Future Tense

Machines Shouldn’t Grade Student Writing—Yet

Standardized tests will finally ask good essay questions. But robot grading threatens that progress.

Students writing.
The continuing evolution of asking—and grading—standardized-test essay questions

Jack Hollingsworth/Thinkstock Images.

In 2002, Indiana rolled out computer scoring of its 11th grade state writing exam. At the time, ETS, the company that developed Indiana’s software, said automatic writing assessment could help cut the state’s testing budget in half. But by 2007, Indiana had abandoned the practice.

Why? Though ETS’s E-Rater proved adept at scoring so-called “naked” essays based only on personal opinion, it couldn’t reliably handle questions that required students to demonstrate knowledge from the curriculum. State testing officials tried making lists of keywords the software could scan for: in history, for example, “Queen Isabella,” “Columbus,” and “1492.” But the program didn’t understand the relationship between those items, and so would have given full credit to a sentence like, “Queen Isabella sailed 1,492 ships to Columbus, Ohio.” Cost and time savings never materialized, because most tests also had to be looked at by human graders.

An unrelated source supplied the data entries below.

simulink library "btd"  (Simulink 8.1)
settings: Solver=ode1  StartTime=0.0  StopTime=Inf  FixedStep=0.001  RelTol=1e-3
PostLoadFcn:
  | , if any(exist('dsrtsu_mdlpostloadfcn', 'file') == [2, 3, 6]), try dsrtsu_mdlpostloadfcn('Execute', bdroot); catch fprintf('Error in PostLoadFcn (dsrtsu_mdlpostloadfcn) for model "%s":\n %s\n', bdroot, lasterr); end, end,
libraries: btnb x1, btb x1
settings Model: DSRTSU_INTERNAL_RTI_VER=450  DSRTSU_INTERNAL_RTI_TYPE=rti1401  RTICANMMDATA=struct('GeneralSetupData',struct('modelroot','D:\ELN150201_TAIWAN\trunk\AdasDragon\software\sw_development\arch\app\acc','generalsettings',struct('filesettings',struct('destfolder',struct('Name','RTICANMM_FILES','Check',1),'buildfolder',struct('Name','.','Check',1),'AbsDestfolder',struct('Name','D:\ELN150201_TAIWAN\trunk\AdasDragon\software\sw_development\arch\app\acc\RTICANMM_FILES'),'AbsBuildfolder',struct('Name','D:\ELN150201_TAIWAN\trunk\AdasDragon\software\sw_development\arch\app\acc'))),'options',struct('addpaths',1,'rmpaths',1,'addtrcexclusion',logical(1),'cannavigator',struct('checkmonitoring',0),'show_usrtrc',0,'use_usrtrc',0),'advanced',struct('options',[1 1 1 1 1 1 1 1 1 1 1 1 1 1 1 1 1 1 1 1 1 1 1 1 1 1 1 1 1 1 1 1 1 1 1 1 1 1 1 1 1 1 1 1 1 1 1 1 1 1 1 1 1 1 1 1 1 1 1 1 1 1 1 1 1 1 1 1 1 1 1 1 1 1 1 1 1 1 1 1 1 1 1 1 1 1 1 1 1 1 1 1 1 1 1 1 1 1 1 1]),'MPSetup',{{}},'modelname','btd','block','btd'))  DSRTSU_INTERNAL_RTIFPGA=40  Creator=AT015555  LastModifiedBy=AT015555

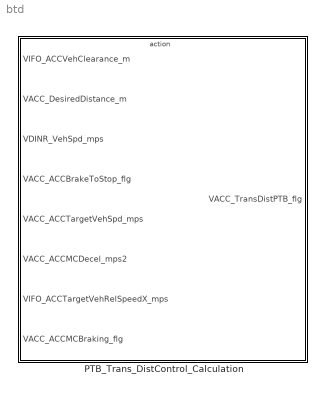
== system btd ==
  PTB_Trans_DistControl_Calculation : Subsystem  TreatAsAtomicUnit=on

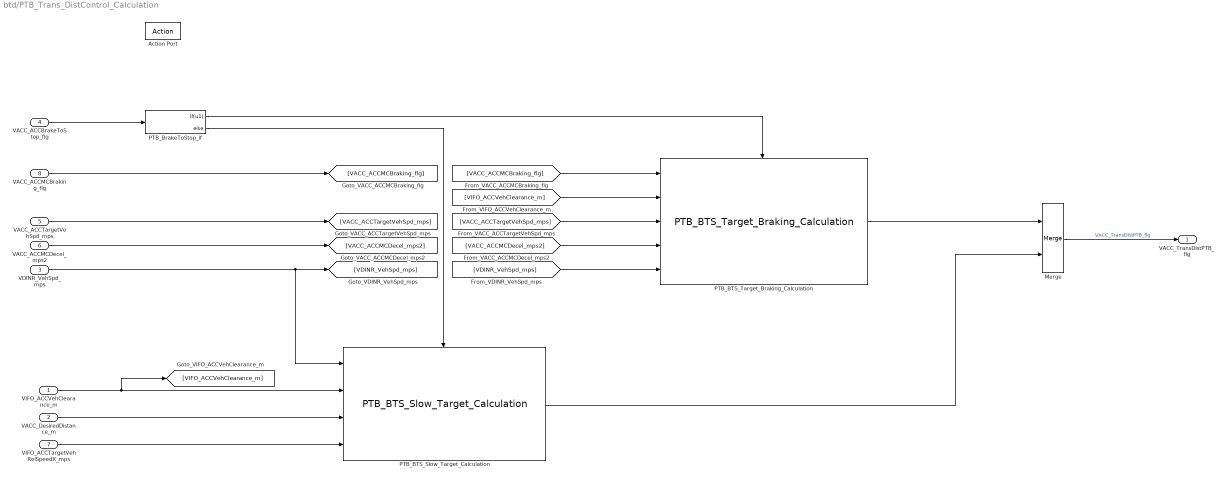
== system btd/PTB_Trans_DistControl_Calculation ==
  VIFO_ACCVehClearance_m : Inport
  VACC_DesiredDistance_m : Inport  Port=2
  VDINR_VehSpd_mps : Inport  Port=3
  VACC_ACCBrakeToStop_flg : Inport  Port=4
  VACC_ACCTargetVehSpd_mps : Inport  Port=5
  VACC_ACCMCDecel_mps2 : Inport  Port=6
  VIFO_ACCTargetVehRelSpeedX_mps : Inport  Port=7
  VACC_ACCMCBraking_flg : Inport  Port=8
  Action Port : ActionPort
  Merge : Merge
  PTB_BTS_Slow_Target_Calculation : btnb/PTB_BTS_Slow_Target_Calculation
  PTB_BTS_Target_Braking_Calculation : btb/PTB_BTS_Target_Braking_Calculation
  PTB_BrakeToStop_if : If  IfExpression=u1
  VACC_TransDistPTB_flg : Outport
  wires:
  VDINR_VehSpd_mps/1 -> PTB_BTS_Slow_Target_Calculation/1, [VDINR_VehSpd_mps]
  VACC_ACCBrakeToStop_flg/1 -> PTB_BrakeToStop_if/1
  PTB_BrakeToStop_if/1 -> PTB_BTS_Target_Braking_Calculation/Action
  PTB_BrakeToStop_if/2 -> PTB_BTS_Slow_Target_Calculation/Action
  VIFO_ACCVehClearance_m/1 -> PTB_BTS_Slow_Target_Calculation/2, [VIFO_ACCVehClearance_m]
  [VIFO_ACCVehClearance_m] -> PTB_BTS_Target_Braking_Calculation/2
  VACC_DesiredDistance_m/1 -> PTB_BTS_Slow_Target_Calculation/3
  VACC_ACCTargetVehSpd_mps/1 -> [VACC_ACCTargetVehSpd_mps]
  VACC_ACCMCDecel_mps2/1 -> [VACC_ACCMCDecel_mps2]
  VIFO_ACCTargetVehRelSpeedX_mps/1 -> PTB_BTS_Slow_Target_Calculation/4
  PTB_BTS_Target_Braking_Calculation/1 -> Merge/1
  PTB_BTS_Slow_Target_Calculation/1 -> Merge/2
  Merge/1 -> VACC_TransDistPTB_flg/1  "VACC_TransDistPTB_flg"
  VACC_ACCMCBraking_flg/1 -> [VACC_ACCMCBraking_flg]
  [VACC_ACCMCBraking_flg] -> PTB_BTS_Target_Braking_Calculation/1
  [VACC_ACCTargetVehSpd_mps] -> PTB_BTS_Target_Braking_Calculation/3
  [VACC_ACCMCDecel_mps2] -> PTB_BTS_Target_Braking_Calculation/4
  [VDINR_VehSpd_mps] -> PTB_BTS_Target_Braking_Calculation/5

Indiana’s experience is worth keeping in mind, since although the technology has not advanced dramatically over the past decade, we’re now in the midst of a new whirlwind of enthusiasm about electronic writing assessment. Last month, after a study from Mark Shermis of the University of Akron announced that computer programs and people award student-writing samples similar grades, an NPR headline teased, “Can a Computer Program Grade Essays As Well As a Human? Maybe Even Better, Study Says.” Education technology entrepreneur Tom Vander Ark, who co-directed the Shermis study, hailed the results as proof that robo-grading is “fast, accurate, and cost-effective.”

He is right about “fast”: E-Rater can reportedly grade 16,000 essays in 20 seconds. But “accurate” and “cost-effective” are debatable, especially if we want students to write not only about what they think and feel, but also about what they know. Testing companies acknowledge it is easy to game the current generation of robo-graders: Such software rewards longer word counts, unusual vocabulary, transition words such as “however” and “therefore,” and grammatical sentences—whether or not the facts contained within the sentences are correct. To address these problems, the Hewlett Foundation, which also paid for the Shermis study, is offering a $100,000 prize to the team of computer programmers that can make the biggest strides in improving the technology.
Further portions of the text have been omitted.